| Directions for this task |
The entries below contain a line with "#34=DIRECTION('',(0.,0.,-1.));" and a line with "#80=DIRECTION('',(1.,0.,0.));". Quote exactly those two lines and all lines between them.

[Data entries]
= Beginning of Section =

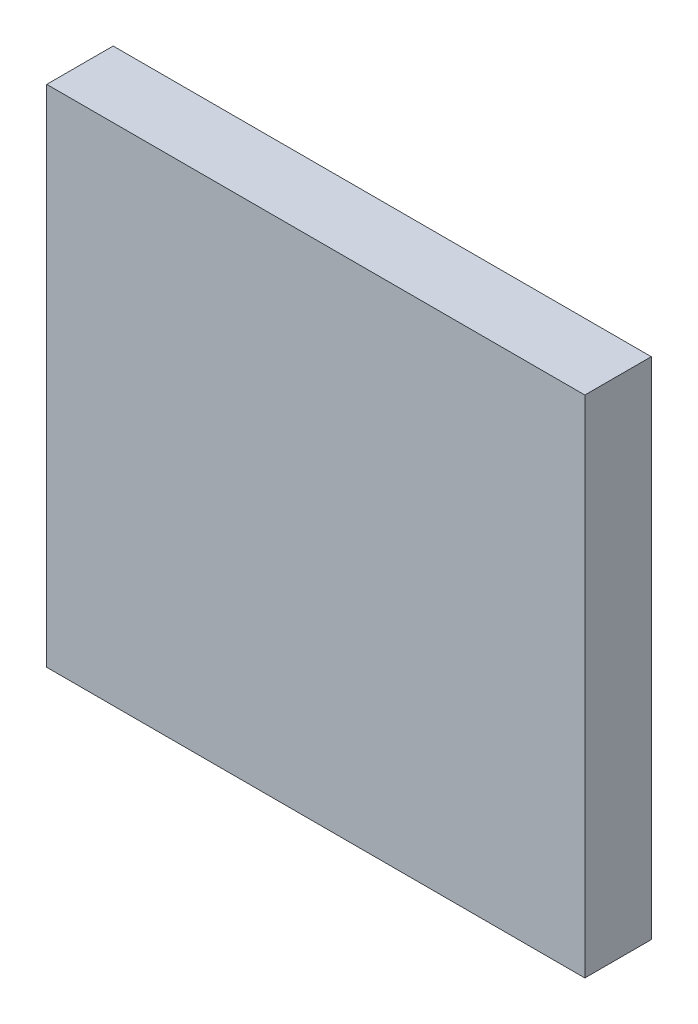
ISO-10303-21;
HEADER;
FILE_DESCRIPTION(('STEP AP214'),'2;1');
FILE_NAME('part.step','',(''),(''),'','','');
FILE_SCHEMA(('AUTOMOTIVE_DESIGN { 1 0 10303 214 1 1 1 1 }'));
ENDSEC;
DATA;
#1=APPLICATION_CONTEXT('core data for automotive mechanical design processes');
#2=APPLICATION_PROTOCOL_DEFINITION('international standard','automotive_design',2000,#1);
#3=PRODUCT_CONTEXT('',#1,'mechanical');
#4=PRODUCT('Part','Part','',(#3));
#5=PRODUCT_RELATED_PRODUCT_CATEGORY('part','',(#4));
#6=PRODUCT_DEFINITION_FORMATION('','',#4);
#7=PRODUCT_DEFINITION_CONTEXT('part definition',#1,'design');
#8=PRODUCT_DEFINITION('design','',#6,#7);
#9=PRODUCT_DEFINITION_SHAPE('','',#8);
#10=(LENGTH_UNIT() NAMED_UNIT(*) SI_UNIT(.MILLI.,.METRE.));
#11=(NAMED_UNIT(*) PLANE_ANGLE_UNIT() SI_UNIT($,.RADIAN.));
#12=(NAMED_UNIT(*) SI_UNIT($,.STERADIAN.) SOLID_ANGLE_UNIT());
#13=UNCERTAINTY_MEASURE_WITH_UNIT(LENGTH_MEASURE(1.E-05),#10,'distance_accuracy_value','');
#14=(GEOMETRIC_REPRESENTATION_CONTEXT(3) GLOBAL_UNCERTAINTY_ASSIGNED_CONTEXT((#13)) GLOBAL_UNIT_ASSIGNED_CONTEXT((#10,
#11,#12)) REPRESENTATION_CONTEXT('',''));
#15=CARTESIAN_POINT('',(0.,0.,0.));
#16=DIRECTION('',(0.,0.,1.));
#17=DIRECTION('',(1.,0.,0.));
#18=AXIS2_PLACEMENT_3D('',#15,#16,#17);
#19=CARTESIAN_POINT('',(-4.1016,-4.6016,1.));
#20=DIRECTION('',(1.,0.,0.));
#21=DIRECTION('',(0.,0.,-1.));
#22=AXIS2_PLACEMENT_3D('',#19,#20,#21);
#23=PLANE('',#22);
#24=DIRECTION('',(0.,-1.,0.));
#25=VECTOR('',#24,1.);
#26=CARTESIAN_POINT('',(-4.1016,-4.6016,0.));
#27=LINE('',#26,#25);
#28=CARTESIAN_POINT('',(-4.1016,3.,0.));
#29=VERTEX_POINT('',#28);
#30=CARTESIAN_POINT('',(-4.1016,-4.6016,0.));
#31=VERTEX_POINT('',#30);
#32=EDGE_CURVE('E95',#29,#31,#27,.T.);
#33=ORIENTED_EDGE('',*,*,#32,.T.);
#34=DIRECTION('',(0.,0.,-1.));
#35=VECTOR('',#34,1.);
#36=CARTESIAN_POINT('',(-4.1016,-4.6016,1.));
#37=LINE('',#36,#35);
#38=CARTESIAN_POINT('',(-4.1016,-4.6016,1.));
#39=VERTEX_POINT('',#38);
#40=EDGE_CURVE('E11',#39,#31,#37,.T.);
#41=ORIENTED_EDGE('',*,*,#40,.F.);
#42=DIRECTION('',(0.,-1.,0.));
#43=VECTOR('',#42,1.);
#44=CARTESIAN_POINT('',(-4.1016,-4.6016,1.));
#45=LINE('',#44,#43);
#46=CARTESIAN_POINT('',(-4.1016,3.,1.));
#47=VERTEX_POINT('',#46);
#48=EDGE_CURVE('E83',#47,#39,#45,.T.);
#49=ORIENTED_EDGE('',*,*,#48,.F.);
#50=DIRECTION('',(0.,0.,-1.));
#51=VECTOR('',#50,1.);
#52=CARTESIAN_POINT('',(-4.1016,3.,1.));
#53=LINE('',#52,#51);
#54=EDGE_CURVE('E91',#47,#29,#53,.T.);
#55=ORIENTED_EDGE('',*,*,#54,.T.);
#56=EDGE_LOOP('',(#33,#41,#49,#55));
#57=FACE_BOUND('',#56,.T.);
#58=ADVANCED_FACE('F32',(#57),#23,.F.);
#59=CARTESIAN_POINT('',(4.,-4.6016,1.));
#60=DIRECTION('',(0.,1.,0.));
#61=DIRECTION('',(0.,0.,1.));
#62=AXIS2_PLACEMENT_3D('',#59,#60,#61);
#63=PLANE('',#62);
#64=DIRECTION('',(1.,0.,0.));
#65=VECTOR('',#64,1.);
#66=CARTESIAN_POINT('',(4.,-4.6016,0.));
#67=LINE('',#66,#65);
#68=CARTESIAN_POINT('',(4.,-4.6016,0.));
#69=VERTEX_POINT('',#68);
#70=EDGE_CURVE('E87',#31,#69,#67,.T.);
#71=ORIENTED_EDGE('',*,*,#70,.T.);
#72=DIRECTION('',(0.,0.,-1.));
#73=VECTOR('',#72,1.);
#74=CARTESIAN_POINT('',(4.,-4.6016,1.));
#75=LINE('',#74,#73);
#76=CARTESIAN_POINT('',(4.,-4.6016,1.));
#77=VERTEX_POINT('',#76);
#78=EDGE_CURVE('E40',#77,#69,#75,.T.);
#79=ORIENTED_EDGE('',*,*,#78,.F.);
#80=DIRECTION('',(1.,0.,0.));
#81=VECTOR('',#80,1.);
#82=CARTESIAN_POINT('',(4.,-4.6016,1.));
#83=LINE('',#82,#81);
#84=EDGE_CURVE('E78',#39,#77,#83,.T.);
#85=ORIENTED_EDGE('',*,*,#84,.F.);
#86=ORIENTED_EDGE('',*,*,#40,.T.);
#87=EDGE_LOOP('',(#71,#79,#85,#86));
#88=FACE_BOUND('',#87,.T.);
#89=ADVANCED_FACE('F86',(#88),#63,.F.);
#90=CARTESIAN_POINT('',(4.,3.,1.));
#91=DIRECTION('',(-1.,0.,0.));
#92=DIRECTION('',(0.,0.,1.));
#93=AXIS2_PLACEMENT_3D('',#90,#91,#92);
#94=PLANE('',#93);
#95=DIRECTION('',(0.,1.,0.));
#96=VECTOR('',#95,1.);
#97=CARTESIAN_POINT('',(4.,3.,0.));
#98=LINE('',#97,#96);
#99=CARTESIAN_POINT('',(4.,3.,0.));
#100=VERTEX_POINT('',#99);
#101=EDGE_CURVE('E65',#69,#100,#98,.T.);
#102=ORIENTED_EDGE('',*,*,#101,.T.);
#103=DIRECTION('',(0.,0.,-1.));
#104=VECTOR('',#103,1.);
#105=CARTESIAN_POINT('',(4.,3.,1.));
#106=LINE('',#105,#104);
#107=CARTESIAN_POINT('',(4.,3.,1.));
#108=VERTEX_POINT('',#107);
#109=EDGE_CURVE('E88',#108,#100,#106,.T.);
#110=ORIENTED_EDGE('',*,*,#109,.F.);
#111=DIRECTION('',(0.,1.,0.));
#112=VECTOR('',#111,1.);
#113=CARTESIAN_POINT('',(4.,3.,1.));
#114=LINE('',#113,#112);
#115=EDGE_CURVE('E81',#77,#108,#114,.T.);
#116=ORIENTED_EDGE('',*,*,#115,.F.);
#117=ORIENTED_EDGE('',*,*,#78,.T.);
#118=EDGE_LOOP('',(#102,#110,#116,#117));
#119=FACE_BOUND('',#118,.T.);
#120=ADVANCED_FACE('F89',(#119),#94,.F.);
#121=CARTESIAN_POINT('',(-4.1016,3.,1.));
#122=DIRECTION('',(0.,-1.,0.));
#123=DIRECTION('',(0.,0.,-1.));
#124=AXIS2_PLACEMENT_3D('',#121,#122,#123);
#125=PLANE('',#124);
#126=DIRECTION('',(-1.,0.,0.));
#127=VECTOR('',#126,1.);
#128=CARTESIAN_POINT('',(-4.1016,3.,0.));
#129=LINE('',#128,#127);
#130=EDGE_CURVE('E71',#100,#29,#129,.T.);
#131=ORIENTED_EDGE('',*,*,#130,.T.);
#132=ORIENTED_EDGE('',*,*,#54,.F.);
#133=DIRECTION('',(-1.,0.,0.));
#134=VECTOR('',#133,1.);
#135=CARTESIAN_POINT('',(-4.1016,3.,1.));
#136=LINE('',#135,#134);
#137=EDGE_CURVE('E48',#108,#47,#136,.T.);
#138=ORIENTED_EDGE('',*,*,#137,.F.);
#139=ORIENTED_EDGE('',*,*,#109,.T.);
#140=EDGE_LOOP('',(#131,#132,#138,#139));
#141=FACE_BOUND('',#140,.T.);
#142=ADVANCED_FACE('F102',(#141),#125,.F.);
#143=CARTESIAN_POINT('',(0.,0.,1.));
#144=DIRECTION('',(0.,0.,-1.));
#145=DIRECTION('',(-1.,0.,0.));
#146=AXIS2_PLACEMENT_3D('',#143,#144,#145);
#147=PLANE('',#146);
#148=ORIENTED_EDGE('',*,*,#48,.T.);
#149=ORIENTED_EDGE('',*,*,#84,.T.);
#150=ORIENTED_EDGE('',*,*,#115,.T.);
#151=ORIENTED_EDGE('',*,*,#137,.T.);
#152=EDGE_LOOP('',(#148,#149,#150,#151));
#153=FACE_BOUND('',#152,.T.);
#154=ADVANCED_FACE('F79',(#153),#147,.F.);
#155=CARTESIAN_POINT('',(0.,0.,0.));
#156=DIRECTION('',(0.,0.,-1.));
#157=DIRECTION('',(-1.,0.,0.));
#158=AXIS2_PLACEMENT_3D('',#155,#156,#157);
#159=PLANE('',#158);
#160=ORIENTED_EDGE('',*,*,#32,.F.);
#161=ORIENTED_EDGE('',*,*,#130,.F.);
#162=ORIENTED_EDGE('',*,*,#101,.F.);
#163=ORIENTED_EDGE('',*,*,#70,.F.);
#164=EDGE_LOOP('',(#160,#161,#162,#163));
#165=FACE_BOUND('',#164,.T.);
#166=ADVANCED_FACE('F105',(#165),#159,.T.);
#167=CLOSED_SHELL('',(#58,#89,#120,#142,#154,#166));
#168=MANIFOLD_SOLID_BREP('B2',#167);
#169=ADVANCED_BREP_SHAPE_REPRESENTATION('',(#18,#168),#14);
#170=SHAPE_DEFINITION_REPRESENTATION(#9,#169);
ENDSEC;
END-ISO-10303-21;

= End of Section =

| Response box |
#34=DIRECTION('',(0.,0.,-1.));
#35=VECTOR('',#34,1.);
#36=CARTESIAN_POINT('',(-4.1016,-4.6016,1.));
#37=LINE('',#36,#35);
#38=CARTESIAN_POINT('',(-4.1016,-4.6016,1.));
#39=VERTEX_POINT('',#38);
#40=EDGE_CURVE('E11',#39,#31,#37,.T.);
#41=ORIENTED_EDGE('',*,*,#40,.F.);
#42=DIRECTION('',(0.,-1.,0.));
#43=VECTOR('',#42,1.);
#44=CARTESIAN_POINT('',(-4.1016,-4.6016,1.));
#45=LINE('',#44,#43);
#46=CARTESIAN_POINT('',(-4.1016,3.,1.));
#47=VERTEX_POINT('',#46);
#48=EDGE_CURVE('E83',#47,#39,#45,.T.);
#49=ORIENTED_EDGE('',*,*,#48,.F.);
#50=DIRECTION('',(0.,0.,-1.));
#51=VECTOR('',#50,1.);
#52=CARTESIAN_POINT('',(-4.1016,3.,1.));
#53=LINE('',#52,#51);
#54=EDGE_CURVE('E91',#47,#29,#53,.T.);
#55=ORIENTED_EDGE('',*,*,#54,.T.);
#56=EDGE_LOOP('',(#33,#41,#49,#55));
#57=FACE_BOUND('',#56,.T.);
#58=ADVANCED_FACE('F32',(#57),#23,.F.);
#59=CARTESIAN_POINT('',(4.,-4.6016,1.));
#60=DIRECTION('',(0.,1.,0.));
#61=DIRECTION('',(0.,0.,1.));
#62=AXIS2_PLACEMENT_3D('',#59,#60,#61);
#63=PLANE('',#62);
#64=DIRECTION('',(1.,0.,0.));
#65=VECTOR('',#64,1.);
#66=CARTESIAN_POINT('',(4.,-4.6016,0.));
#67=LINE('',#66,#65);
#68=CARTESIAN_POINT('',(4.,-4.6016,0.));
#69=VERTEX_POINT('',#68);
#70=EDGE_CURVE('E87',#31,#69,#67,.T.);
#71=ORIENTED_EDGE('',*,*,#70,.T.);
#72=DIRECTION('',(0.,0.,-1.));
#73=VECTOR('',#72,1.);
#74=CARTESIAN_POINT('',(4.,-4.6016,1.));
#75=LINE('',#74,#73);
#76=CARTESIAN_POINT('',(4.,-4.6016,1.));
#77=VERTEX_POINT('',#76);
#78=EDGE_CURVE('E40',#77,#69,#75,.T.);
#79=ORIENTED_EDGE('',*,*,#78,.F.);
#80=DIRECTION('',(1.,0.,0.));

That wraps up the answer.